TikTok May Lose Some Very Big Songs

Yes, it's over a licensing deal, and it affects Taylor Swift, Drake, Adele, and more
By Newser Editors and Wire Services
Posted Jan 31, 2024 11:55 AM CST
Some of Your Favorite Music May Vanish From TikTok
Taylor Swift performs at the Monumental stadium in Buenos Aires, Argentina, Nov. 9, 2023. Universal Music Group, which represents artists including Swift, Drake, Adele, Bad Bunny, and Billie Eilish, says that it will no longer allow its music on TikTok now that a licensing deal has expired.   (AP Photo/Natacha Pisarenko, File)
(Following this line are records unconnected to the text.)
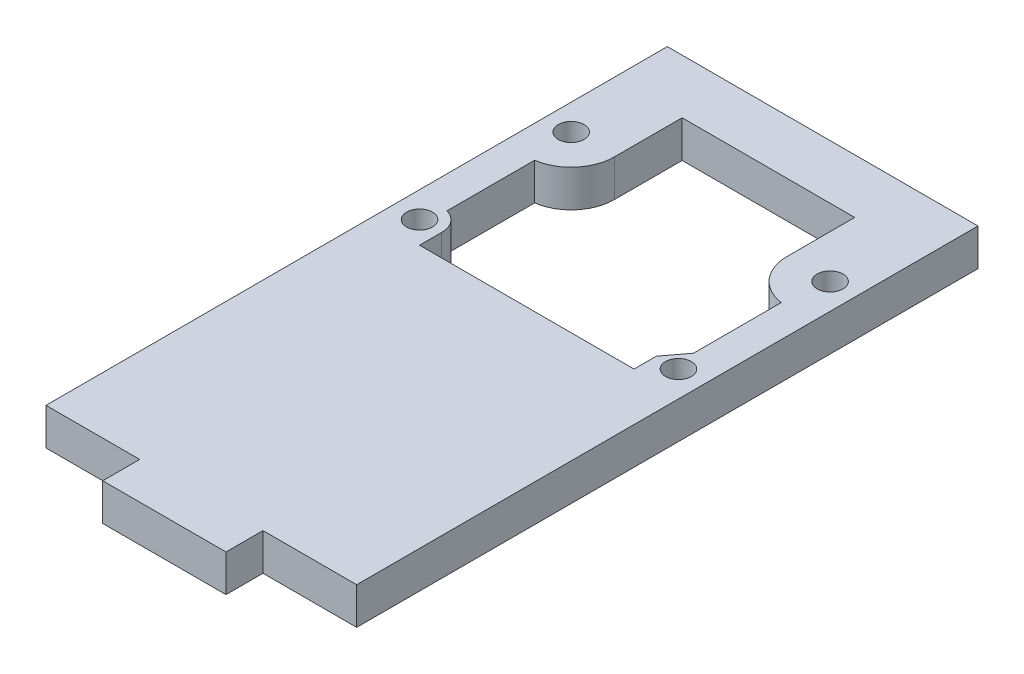
ISO-10303-21;
HEADER;
FILE_DESCRIPTION(('STEP AP214'),'2;1');
FILE_NAME('part.step','',(''),(''),'','','');
FILE_SCHEMA(('AUTOMOTIVE_DESIGN { 1 0 10303 214 1 1 1 1 }'));
ENDSEC;
DATA;
#1=APPLICATION_CONTEXT('core data for automotive mechanical design processes');
#2=APPLICATION_PROTOCOL_DEFINITION('international standard','automotive_design',2000,#1);
#3=PRODUCT_CONTEXT('',#1,'mechanical');
#4=PRODUCT('Part','Part','',(#3));
#5=PRODUCT_RELATED_PRODUCT_CATEGORY('part','',(#4));
#6=PRODUCT_DEFINITION_FORMATION('','',#4);
#7=PRODUCT_DEFINITION_CONTEXT('part definition',#1,'design');
#8=PRODUCT_DEFINITION('design','',#6,#7);
#9=PRODUCT_DEFINITION_SHAPE('','',#8);
#10=(LENGTH_UNIT() NAMED_UNIT(*) SI_UNIT(.MILLI.,.METRE.));
#11=(NAMED_UNIT(*) PLANE_ANGLE_UNIT() SI_UNIT($,.RADIAN.));
#12=(NAMED_UNIT(*) SI_UNIT($,.STERADIAN.) SOLID_ANGLE_UNIT());
#13=UNCERTAINTY_MEASURE_WITH_UNIT(LENGTH_MEASURE(1.E-05),#10,'distance_accuracy_value','');
#14=(GEOMETRIC_REPRESENTATION_CONTEXT(3) GLOBAL_UNCERTAINTY_ASSIGNED_CONTEXT((#13)) GLOBAL_UNIT_ASSIGNED_CONTEXT((#10,
#11,#12)) REPRESENTATION_CONTEXT('',''));
#15=CARTESIAN_POINT('',(0.,0.,0.));
#16=DIRECTION('',(0.,0.,1.));
#17=DIRECTION('',(1.,0.,0.));
#18=AXIS2_PLACEMENT_3D('',#15,#16,#17);
#19=CARTESIAN_POINT('',(0.,3.,0.));
#20=DIRECTION('',(0.,1.,0.));
#21=DIRECTION('',(0.,0.,1.));
#22=AXIS2_PLACEMENT_3D('',#19,#20,#21);
#23=PLANE('',#22);
#24=DIRECTION('',(-1.,0.,0.));
#25=VECTOR('',#24,1.);
#26=CARTESIAN_POINT('',(7.00000000000237,3.,-14.));
#27=LINE('',#26,#25);
#28=CARTESIAN_POINT('',(7.00000000000237,3.00000000000001,-14.));
#29=VERTEX_POINT('',#28);
#30=CARTESIAN_POINT('',(-6.99999999999987,3.,-14.));
#31=VERTEX_POINT('',#30);
#32=EDGE_CURVE('E291',#29,#31,#27,.T.);
#33=ORIENTED_EDGE('',*,*,#32,.F.);
#34=DIRECTION('',(0.,0.,1.));
#35=VECTOR('',#34,1.);
#36=CARTESIAN_POINT('',(7.00000000000112,3.,0.));
#37=LINE('',#36,#35);
#38=CARTESIAN_POINT('',(7.00000000000112,3.,-8.50000000000043));
#39=VERTEX_POINT('',#38);
#40=EDGE_CURVE('E276',#29,#39,#37,.T.);
#41=ORIENTED_EDGE('',*,*,#40,.T.);
#42=CARTESIAN_POINT('',(10.5000000000011,3.,-8.50000000000043));
#43=DIRECTION('',(0.,1.,0.));
#44=DIRECTION('',(0.,0.,1.));
#45=AXIS2_PLACEMENT_3D('',#42,#43,#44);
#46=CIRCLE('',#45,3.5);
#47=CARTESIAN_POINT('',(10.,3.,-5.03589838486284));
#48=VERTEX_POINT('',#47);
#49=EDGE_CURVE('E265',#39,#48,#46,.T.);
#50=ORIENTED_EDGE('',*,*,#49,.T.);
#51=DIRECTION('',(0.,0.,-1.));
#52=VECTOR('',#51,1.);
#53=CARTESIAN_POINT('',(10.,3.,0.));
#54=LINE('',#53,#52);
#55=CARTESIAN_POINT('',(10.,3.,2.0708383534208));
#56=VERTEX_POINT('',#55);
#57=EDGE_CURVE('E286',#56,#48,#54,.T.);
#58=ORIENTED_EDGE('',*,*,#57,.F.);
#59=DIRECTION('',(0.600925212577102,0.,-0.799305253885626));
#60=VECTOR('',#59,1.);
#61=CARTESIAN_POINT('',(7.38355951583597,3.,5.55102953478686));
#62=LINE('',#61,#60);
#63=CARTESIAN_POINT('',(8.70000000000099,3.,3.79999999999957));
#64=VERTEX_POINT('',#63);
#65=EDGE_CURVE('E442',#64,#56,#62,.T.);
#66=ORIENTED_EDGE('',*,*,#65,.F.);
#67=DIRECTION('',(0.,0.,-1.));
#68=VECTOR('',#67,1.);
#69=CARTESIAN_POINT('',(8.70000000000127,3.,6.28837260041561E-13));
#70=LINE('',#69,#68);
#71=CARTESIAN_POINT('',(8.70000000000086,3.,5.59999999999992));
#72=VERTEX_POINT('',#71);
#73=EDGE_CURVE('E445',#72,#64,#70,.T.);
#74=ORIENTED_EDGE('',*,*,#73,.F.);
#75=DIRECTION('',(1.,0.,0.));
#76=VECTOR('',#75,1.);
#77=CARTESIAN_POINT('',(0.,3.,5.59999999999992));
#78=LINE('',#77,#76);
#79=CARTESIAN_POINT('',(-8.70000000000112,3.,5.59999999999992));
#80=VERTEX_POINT('',#79);
#81=EDGE_CURVE('E448',#80,#72,#78,.T.);
#82=ORIENTED_EDGE('',*,*,#81,.F.);
#83=DIRECTION('',(0.,0.,-1.));
#84=VECTOR('',#83,1.);
#85=CARTESIAN_POINT('',(-8.70000000000112,3.,0.));
#86=LINE('',#85,#84);
#87=CARTESIAN_POINT('',(-8.70000000000112,3.,3.8));
#88=VERTEX_POINT('',#87);
#89=EDGE_CURVE('E451',#80,#88,#86,.T.);
#90=ORIENTED_EDGE('',*,*,#89,.T.);
#91=CARTESIAN_POINT('',(-10.5000000000011,3.,3.8));
#92=DIRECTION('',(0.,1.,0.));
#93=DIRECTION('',(0.,0.,1.));
#94=AXIS2_PLACEMENT_3D('',#91,#92,#93);
#95=CIRCLE('',#94,1.8);
#96=CARTESIAN_POINT('',(-10.0000000000001,3.,2.07083835342123));
#97=VERTEX_POINT('',#96);
#98=EDGE_CURVE('E455',#97,#88,#95,.F.);
#99=ORIENTED_EDGE('',*,*,#98,.F.);
#100=DIRECTION('',(0.,0.,-1.));
#101=VECTOR('',#100,1.);
#102=CARTESIAN_POINT('',(-10.0000000000001,3.,0.));
#103=LINE('',#102,#101);
#104=CARTESIAN_POINT('',(-10.0000000000001,3.,-5.03589838486232));
#105=VERTEX_POINT('',#104);
#106=EDGE_CURVE('E458',#97,#105,#103,.T.);
#107=ORIENTED_EDGE('',*,*,#106,.T.);
#108=CARTESIAN_POINT('',(-10.5000000000011,3.,-8.5));
#109=DIRECTION('',(0.,1.,0.));
#110=DIRECTION('',(0.,0.,1.));
#111=AXIS2_PLACEMENT_3D('',#108,#109,#110);
#112=CIRCLE('',#111,3.50000000000003);
#113=CARTESIAN_POINT('',(-7.00000000000109,3.,-8.5));
#114=VERTEX_POINT('',#113);
#115=EDGE_CURVE('E296',#105,#114,#112,.T.);
#116=ORIENTED_EDGE('',*,*,#115,.T.);
#117=DIRECTION('',(0.,0.,1.));
#118=VECTOR('',#117,1.);
#119=CARTESIAN_POINT('',(-7.00000000000112,3.,0.));
#120=LINE('',#119,#118);
#121=EDGE_CURVE('E261',#31,#114,#120,.T.);
#122=ORIENTED_EDGE('',*,*,#121,.F.);
#123=EDGE_LOOP('',(#33,#41,#50,#58,#66,#74,#82,#90,#99,#107,#116,#122));
#124=FACE_BOUND('',#123,.T.);
#125=CARTESIAN_POINT('',(10.500000000001,3.,3.79999999999957));
#126=DIRECTION('',(0.,1.,0.));
#127=DIRECTION('',(0.,0.,1.));
#128=AXIS2_PLACEMENT_3D('',#125,#126,#127);
#129=CIRCLE('',#128,1.05);
#130=CARTESIAN_POINT('',(10.500000000001,3.,4.84999999999957));
#131=VERTEX_POINT('',#130);
#132=EDGE_CURVE('E150',#131,#131,#129,.T.);
#133=ORIENTED_EDGE('',*,*,#132,.F.);
#134=EDGE_LOOP('',(#133));
#135=FACE_BOUND('',#134,.T.);
#136=CARTESIAN_POINT('',(-10.499999999999,3.,3.79999999999935));
#137=DIRECTION('',(0.,1.,0.));
#138=DIRECTION('',(0.,0.,1.));
#139=AXIS2_PLACEMENT_3D('',#136,#137,#138);
#140=CIRCLE('',#139,1.05);
#141=CARTESIAN_POINT('',(-10.499999999999,3.,4.84999999999935));
#142=VERTEX_POINT('',#141);
#143=EDGE_CURVE('E323',#142,#142,#140,.T.);
#144=ORIENTED_EDGE('',*,*,#143,.F.);
#145=EDGE_LOOP('',(#144));
#146=FACE_BOUND('',#145,.T.);
#147=CARTESIAN_POINT('',(-10.4999999999989,3.,-8.50000000000065));
#148=DIRECTION('',(0.,1.,0.));
#149=DIRECTION('',(0.,0.,1.));
#150=AXIS2_PLACEMENT_3D('',#147,#148,#149);
#151=CIRCLE('',#150,1.05);
#152=CARTESIAN_POINT('',(-10.4999999999989,3.,-7.45000000000065));
#153=VERTEX_POINT('',#152);
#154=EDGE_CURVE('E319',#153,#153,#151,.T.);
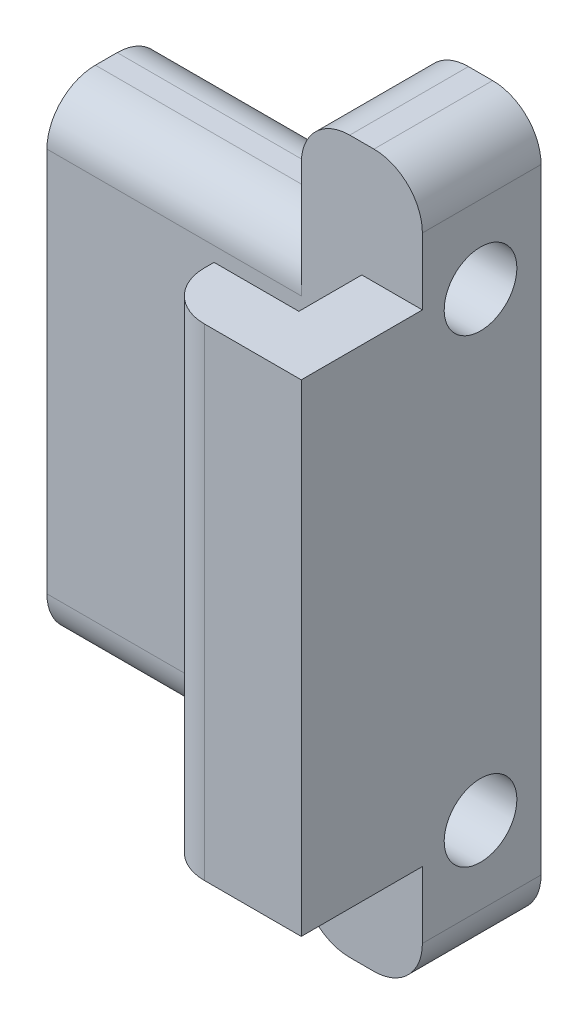
ISO-10303-21;
HEADER;
FILE_DESCRIPTION(('STEP AP214'),'2;1');
FILE_NAME('part.step','',(''),(''),'','','');
FILE_SCHEMA(('AUTOMOTIVE_DESIGN { 1 0 10303 214 1 1 1 1 }'));
ENDSEC;
DATA;
#1=APPLICATION_CONTEXT('core data for automotive mechanical design processes');
#2=APPLICATION_PROTOCOL_DEFINITION('international standard','automotive_design',2000,#1);
#3=PRODUCT_CONTEXT('',#1,'mechanical');
#4=PRODUCT('Part','Part','',(#3));
#5=PRODUCT_RELATED_PRODUCT_CATEGORY('part','',(#4));
#6=PRODUCT_DEFINITION_FORMATION('','',#4);
#7=PRODUCT_DEFINITION_CONTEXT('part definition',#1,'design');
#8=PRODUCT_DEFINITION('design','',#6,#7);
#9=PRODUCT_DEFINITION_SHAPE('','',#8);
#10=(LENGTH_UNIT() NAMED_UNIT(*) SI_UNIT(.MILLI.,.METRE.));
#11=(NAMED_UNIT(*) PLANE_ANGLE_UNIT() SI_UNIT($,.RADIAN.));
#12=(NAMED_UNIT(*) SI_UNIT($,.STERADIAN.) SOLID_ANGLE_UNIT());
#13=UNCERTAINTY_MEASURE_WITH_UNIT(LENGTH_MEASURE(1.E-05),#10,'distance_accuracy_value','');
#14=(GEOMETRIC_REPRESENTATION_CONTEXT(3) GLOBAL_UNCERTAINTY_ASSIGNED_CONTEXT((#13)) GLOBAL_UNIT_ASSIGNED_CONTEXT((#10,
#11,#12)) REPRESENTATION_CONTEXT('',''));
#15=CARTESIAN_POINT('',(0.,0.,0.));
#16=DIRECTION('',(0.,0.,1.));
#17=DIRECTION('',(1.,0.,0.));
#18=AXIS2_PLACEMENT_3D('',#15,#16,#17);
#19=CARTESIAN_POINT('',(10.5,19.9,4.9));
#20=DIRECTION('',(1.,0.,0.));
#21=DIRECTION('',(0.,0.,-1.));
#22=AXIS2_PLACEMENT_3D('',#19,#20,#21);
#23=PLANE('',#22);
#24=DIRECTION('',(0.,-1.,0.));
#25=VECTOR('',#24,1.);
#26=CARTESIAN_POINT('',(10.5,-4.75,0.));
#27=LINE('',#26,#25);
#28=CARTESIAN_POINT('',(10.5,2.,0.));
#29=VERTEX_POINT('',#28);
#30=CARTESIAN_POINT('',(10.5,-2.75,0.));
#31=VERTEX_POINT('',#30);
#32=EDGE_CURVE('E252',#29,#31,#27,.T.);
#33=ORIENTED_EDGE('',*,*,#32,.T.);
#34=DIRECTION('',(0.,0.,-1.));
#35=VECTOR('',#34,1.);
#36=CARTESIAN_POINT('',(10.5,-2.75,4.9));
#37=LINE('',#36,#35);
#38=CARTESIAN_POINT('',(10.5,-2.75,4.9));
#39=VERTEX_POINT('',#38);
#40=EDGE_CURVE('E371',#31,#39,#37,.F.);
#41=ORIENTED_EDGE('',*,*,#40,.T.);
#42=DIRECTION('',(0.,-1.,0.));
#43=VECTOR('',#42,1.);
#44=CARTESIAN_POINT('',(10.5,-4.75,4.9));
#45=LINE('',#44,#43);
#46=CARTESIAN_POINT('',(10.5,2.,4.9));
#47=VERTEX_POINT('',#46);
#48=EDGE_CURVE('E261',#47,#39,#45,.T.);
#49=ORIENTED_EDGE('',*,*,#48,.F.);
#50=CARTESIAN_POINT('',(10.5,2.,2.9));
#51=DIRECTION('',(1.,0.,0.));
#52=DIRECTION('',(0.,0.,-1.));
#53=AXIS2_PLACEMENT_3D('',#50,#51,#52);
#54=CIRCLE('',#53,2.);
#55=CARTESIAN_POINT('',(10.5,0.,2.9));
#56=VERTEX_POINT('',#55);
#57=EDGE_CURVE('E335',#47,#56,#54,.T.);
#58=ORIENTED_EDGE('',*,*,#57,.T.);
#59=DIRECTION('',(0.,0.,-1.));
#60=VECTOR('',#59,1.);
#61=CARTESIAN_POINT('',(10.5,0.,4.9));
#62=LINE('',#61,#60);
#63=CARTESIAN_POINT('',(10.5,0.,2.));
#64=VERTEX_POINT('',#63);
#65=EDGE_CURVE('E303',#56,#64,#62,.T.);
#66=ORIENTED_EDGE('',*,*,#65,.T.);
#67=CARTESIAN_POINT('',(10.5,2.,2.));
#68=DIRECTION('',(1.,0.,0.));
#69=DIRECTION('',(0.,0.,-1.));
#70=AXIS2_PLACEMENT_3D('',#67,#68,#69);
#71=CIRCLE('',#70,2.);
#72=EDGE_CURVE('E337',#64,#29,#71,.T.);
#73=ORIENTED_EDGE('',*,*,#72,.T.);
#74=EDGE_LOOP('',(#33,#41,#49,#58,#66,#73));
#75=FACE_BOUND('',#74,.T.);
#76=ADVANCED_FACE('F41',(#75),#23,.F.);
#77=DIRECTION('',(0.,-1.,0.));
#78=VECTOR('',#77,1.);
#79=CARTESIAN_POINT('',(10.5,19.9,4.9));
#80=LINE('',#79,#78);
#81=CARTESIAN_POINT('',(10.5,22.65,4.9));
#82=VERTEX_POINT('',#81);
#83=CARTESIAN_POINT('',(10.5,17.9,4.9));
#84=VERTEX_POINT('',#83);
#85=EDGE_CURVE('E274',#82,#84,#80,.T.);
#86=ORIENTED_EDGE('',*,*,#85,.F.);
#87=DIRECTION('',(0.,0.,-1.));
#88=VECTOR('',#87,1.);
#89=CARTESIAN_POINT('',(10.5,22.65,4.9));
#90=LINE('',#89,#88);
#91=CARTESIAN_POINT('',(10.5,22.65,0.));
#92=VERTEX_POINT('',#91);
#93=EDGE_CURVE('E373',#82,#92,#90,.T.);
#94=ORIENTED_EDGE('',*,*,#93,.T.);
#95=DIRECTION('',(0.,-1.,0.));
#96=VECTOR('',#95,1.);
#97=CARTESIAN_POINT('',(10.5,19.9,0.));
#98=LINE('',#97,#96);
#99=CARTESIAN_POINT('',(10.5,17.9,0.));
#100=VERTEX_POINT('',#99);
#101=EDGE_CURVE('E291',#92,#100,#98,.T.);
#102=ORIENTED_EDGE('',*,*,#101,.T.);
#103=CARTESIAN_POINT('',(10.5,17.9,2.));
#104=DIRECTION('',(1.,0.,0.));
#105=DIRECTION('',(0.,0.,-1.));
#106=AXIS2_PLACEMENT_3D('',#103,#104,#105);
#107=CIRCLE('',#106,2.);
#108=CARTESIAN_POINT('',(10.5,19.9,2.));
#109=VERTEX_POINT('',#108);
#110=EDGE_CURVE('E340',#100,#109,#107,.T.);
#111=ORIENTED_EDGE('',*,*,#110,.T.);
#112=DIRECTION('',(0.,0.,-1.));
#113=VECTOR('',#112,1.);
#114=CARTESIAN_POINT('',(10.5,19.9,4.9));
#115=LINE('',#114,#113);
#116=CARTESIAN_POINT('',(10.5,19.9,2.9));
#117=VERTEX_POINT('',#116);
#118=EDGE_CURVE('E300',#117,#109,#115,.T.);
#119=ORIENTED_EDGE('',*,*,#118,.F.);
#120=CARTESIAN_POINT('',(10.5,17.9,2.9));
#121=DIRECTION('',(1.,0.,0.));
#122=DIRECTION('',(0.,0.,-1.));
#123=AXIS2_PLACEMENT_3D('',#120,#121,#122);
#124=CIRCLE('',#123,2.);
#125=EDGE_CURVE('E342',#117,#84,#124,.T.);
#126=ORIENTED_EDGE('',*,*,#125,.T.);
#127=EDGE_LOOP('',(#86,#94,#102,#111,#119,#126));
#128=FACE_BOUND('',#127,.T.);
#129=ADVANCED_FACE('F399',(#128),#23,.F.);
#130=CARTESIAN_POINT('',(0.,0.,4.9));
#131=DIRECTION('',(0.,0.,-1.));
#132=DIRECTION('',(-1.,0.,0.));
#133=AXIS2_PLACEMENT_3D('',#130,#131,#132);
#134=PLANE('',#133);
#135=DIRECTION('',(1.,0.,0.));
#136=VECTOR('',#135,1.);
#137=CARTESIAN_POINT('',(15.5,-4.75,4.9));
#138=LINE('',#137,#136);
#139=CARTESIAN_POINT('',(12.5,-4.75,4.9));
#140=VERTEX_POINT('',#139);
#141=CARTESIAN_POINT('',(13.5,-4.75,4.9));
#142=VERTEX_POINT('',#141);
#143=EDGE_CURVE('E264',#140,#142,#138,.T.);
#144=ORIENTED_EDGE('',*,*,#143,.T.);
#145=CARTESIAN_POINT('',(13.5,-2.75,4.9));
#146=DIRECTION('',(0.,0.,-1.));
#147=DIRECTION('',(-1.,0.,0.));
#148=AXIS2_PLACEMENT_3D('',#145,#146,#147);
#149=CIRCLE('',#148,2.);
#150=CARTESIAN_POINT('',(15.5,-2.75,4.9));
#151=VERTEX_POINT('',#150);
#152=EDGE_CURVE('E369',#142,#151,#149,.F.);
#153=ORIENTED_EDGE('',*,*,#152,.T.);
#154=DIRECTION('',(0.,1.,0.));
#155=VECTOR('',#154,1.);
#156=CARTESIAN_POINT('',(15.5,24.65,4.9));
#157=LINE('',#156,#155);
#158=CARTESIAN_POINT('',(15.5,0.,4.9));
#159=VERTEX_POINT('',#158);
#160=EDGE_CURVE('E269',#151,#159,#157,.T.);
#161=ORIENTED_EDGE('',*,*,#160,.T.);
#162=DIRECTION('',(1.,0.,0.));
#163=VECTOR('',#162,1.);
#164=CARTESIAN_POINT('',(10.5,0.,4.9));
#165=LINE('',#164,#163);
#166=CARTESIAN_POINT('',(13.,0.,4.9));
#167=VERTEX_POINT('',#166);
#168=EDGE_CURVE('E231',#167,#159,#165,.T.);
#169=ORIENTED_EDGE('',*,*,#168,.F.);
#170=DIRECTION('',(0.,1.,0.));
#171=VECTOR('',#170,1.);
#172=CARTESIAN_POINT('',(13.,-4.75,4.9));
#173=LINE('',#172,#171);
#174=CARTESIAN_POINT('',(13.,19.9,4.9));
#175=VERTEX_POINT('',#174);
#176=EDGE_CURVE('E224',#167,#175,#173,.T.);
#177=ORIENTED_EDGE('',*,*,#176,.T.);
#178=DIRECTION('',(-1.,0.,0.));
#179=VECTOR('',#178,1.);
#180=CARTESIAN_POINT('',(10.5,19.9,4.9));
#181=LINE('',#180,#179);
#182=CARTESIAN_POINT('',(15.5,19.9,4.9));
#183=VERTEX_POINT('',#182);
#184=EDGE_CURVE('E235',#183,#175,#181,.T.);
#185=ORIENTED_EDGE('',*,*,#184,.F.);
#186=CARTESIAN_POINT('',(15.5,22.65,4.9));
#187=VERTEX_POINT('',#186);
#188=EDGE_CURVE('E268',#183,#187,#157,.T.);
#189=ORIENTED_EDGE('',*,*,#188,.T.);
#190=CARTESIAN_POINT('',(13.5,22.65,4.9));
#191=DIRECTION('',(0.,0.,-1.));
#192=DIRECTION('',(-1.,0.,0.));
#193=AXIS2_PLACEMENT_3D('',#190,#191,#192);
#194=CIRCLE('',#193,2.);
#195=CARTESIAN_POINT('',(13.5,24.65,4.9));
#196=VERTEX_POINT('',#195);
#197=EDGE_CURVE('E363',#187,#196,#194,.F.);
#198=ORIENTED_EDGE('',*,*,#197,.T.);
#199=DIRECTION('',(-1.,0.,0.));
#200=VECTOR('',#199,1.);
#201=CARTESIAN_POINT('',(10.5,24.65,4.9));
#202=LINE('',#201,#200);
#203=CARTESIAN_POINT('',(12.5,24.65,4.9));
#204=VERTEX_POINT('',#203);
#205=EDGE_CURVE('E271',#196,#204,#202,.T.);
#206=ORIENTED_EDGE('',*,*,#205,.T.);
#207=CARTESIAN_POINT('',(12.5,22.65,4.9));
#208=DIRECTION('',(0.,0.,-1.));
#209=DIRECTION('',(-1.,0.,0.));
#210=AXIS2_PLACEMENT_3D('',#207,#208,#209);
#211=CIRCLE('',#210,2.);
#212=EDGE_CURVE('E365',#204,#82,#211,.F.);
#213=ORIENTED_EDGE('',*,*,#212,.T.);
#214=ORIENTED_EDGE('',*,*,#85,.T.);
#215=DIRECTION('',(-1.,0.,0.));
#216=VECTOR('',#215,1.);
#217=CARTESIAN_POINT('',(0.,17.9,4.9));
#218=LINE('',#217,#216);
#219=CARTESIAN_POINT('',(0.,17.9,4.9));
#220=VERTEX_POINT('',#219);
#221=EDGE_CURVE('E306',#84,#220,#218,.T.);
#222=ORIENTED_EDGE('',*,*,#221,.T.);
#223=DIRECTION('',(0.,-1.,0.));
#224=VECTOR('',#223,1.);
#225=CARTESIAN_POINT('',(0.,0.,4.9));
#226=LINE('',#225,#224);
#227=CARTESIAN_POINT('',(0.,2.,4.9));
#228=VERTEX_POINT('',#227);
#229=EDGE_CURVE('E276',#220,#228,#226,.T.);
#230=ORIENTED_EDGE('',*,*,#229,.T.);
#231=DIRECTION('',(1.,0.,0.));
#232=VECTOR('',#231,1.);
#233=CARTESIAN_POINT('',(0.,2.,4.9));
#234=LINE('',#233,#232);
#235=EDGE_CURVE('E309',#228,#47,#234,.T.);
#236=ORIENTED_EDGE('',*,*,#235,.T.);
#237=ORIENTED_EDGE('',*,*,#48,.T.);
#238=CARTESIAN_POINT('',(12.5,-2.75,4.9));
#239=DIRECTION('',(0.,0.,-1.));
#240=DIRECTION('',(-1.,0.,0.));
#241=AXIS2_PLACEMENT_3D('',#238,#239,#240);
#242=CIRCLE('',#241,2.);
#243=EDGE_CURVE('E367',#39,#140,#242,.F.);
#244=ORIENTED_EDGE('',*,*,#243,.T.);
#245=EDGE_LOOP('',(#144,#153,#161,#169,#177,#185,#189,#198,#206,#213,#214,#222,#230,#236,#237,#244));
#246=FACE_BOUND('',#245,.T.);
#247=ADVANCED_FACE('F391',(#246),#134,.F.);
#248=CARTESIAN_POINT('',(10.5,0.,4.9));
#249=DIRECTION('',(0.,1.,0.));
#250=DIRECTION('',(-1.,0.,0.));
#251=AXIS2_PLACEMENT_3D('',#248,#249,#250);
#252=PLANE('',#251);
#253=ORIENTED_EDGE('',*,*,#65,.F.);
#254=DIRECTION('',(1.,0.,0.));
#255=VECTOR('',#254,1.);
#256=CARTESIAN_POINT('',(10.5,0.,2.9));
#257=LINE('',#256,#255);
#258=CARTESIAN_POINT('',(0.,0.,2.9));
#259=VERTEX_POINT('',#258);
#260=EDGE_CURVE('E315',#56,#259,#257,.F.);
#261=ORIENTED_EDGE('',*,*,#260,.T.);
#262=DIRECTION('',(0.,0.,-1.));
#263=VECTOR('',#262,1.);
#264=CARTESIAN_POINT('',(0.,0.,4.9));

Universal Music Group—which represents artists including Taylor Swift, Drake, Adele, Bad Bunny, and Billie Eilish—says that it will no longer allow its music on TikTok after a licensing deal between the two expired on Wednesday. UMG said that it had not agreed to terms of a new deal with TikTok, explaining in a Tuesday letter addressed to artists and songwriters that it had been pressing TikTok on three issues, reports the AP: "appropriate compensation for our artists and songwriters, protecting human artists from the harmful effects of AI, and online safety for TikTok's users."

UMG said that TikTok proposed paying its artists and songwriters at a fraction of the rate that other major social platforms pay. "Ultimately TikTok is trying to build a music-based business, without paying fair value for the music," UMG said. TikTok pushed back against those claims, saying that it has reached "artist-first" agreements with every other label and publisher, and saying that Universal Music is putting "their own greed above the interests of their artists and songwriters." UMG also called new tech a potential threat to artists and said that TikTok is developing tools to enable, promote, and encourage AI music creation. UMG accused the platform of "demanding a contractual right ... (to) a move that is nothing short of sponsoring artist replacement by AI."

UMG is also unsatisfied with TikTok's efforts to deal with what it says is hate speech, bigotry, bullying, and harassment. It said that having troubling content removed from TikTok is a "monumentally cumbersome and inefficient process which equates to the digital equivalent of 'Whack-a-Mole.'" UMG said it proposed that TikTok take steps similar to what some of its other social media platform partners use, but that it was met with indifference, and then intimidation. "TikTok attempted to bully us into accepting a deal worth less than the previous deal," UMG said. "How did it try to intimidate us? By selectively removing the music of certain of our developing artists, while keeping ... our audience-driving global stars."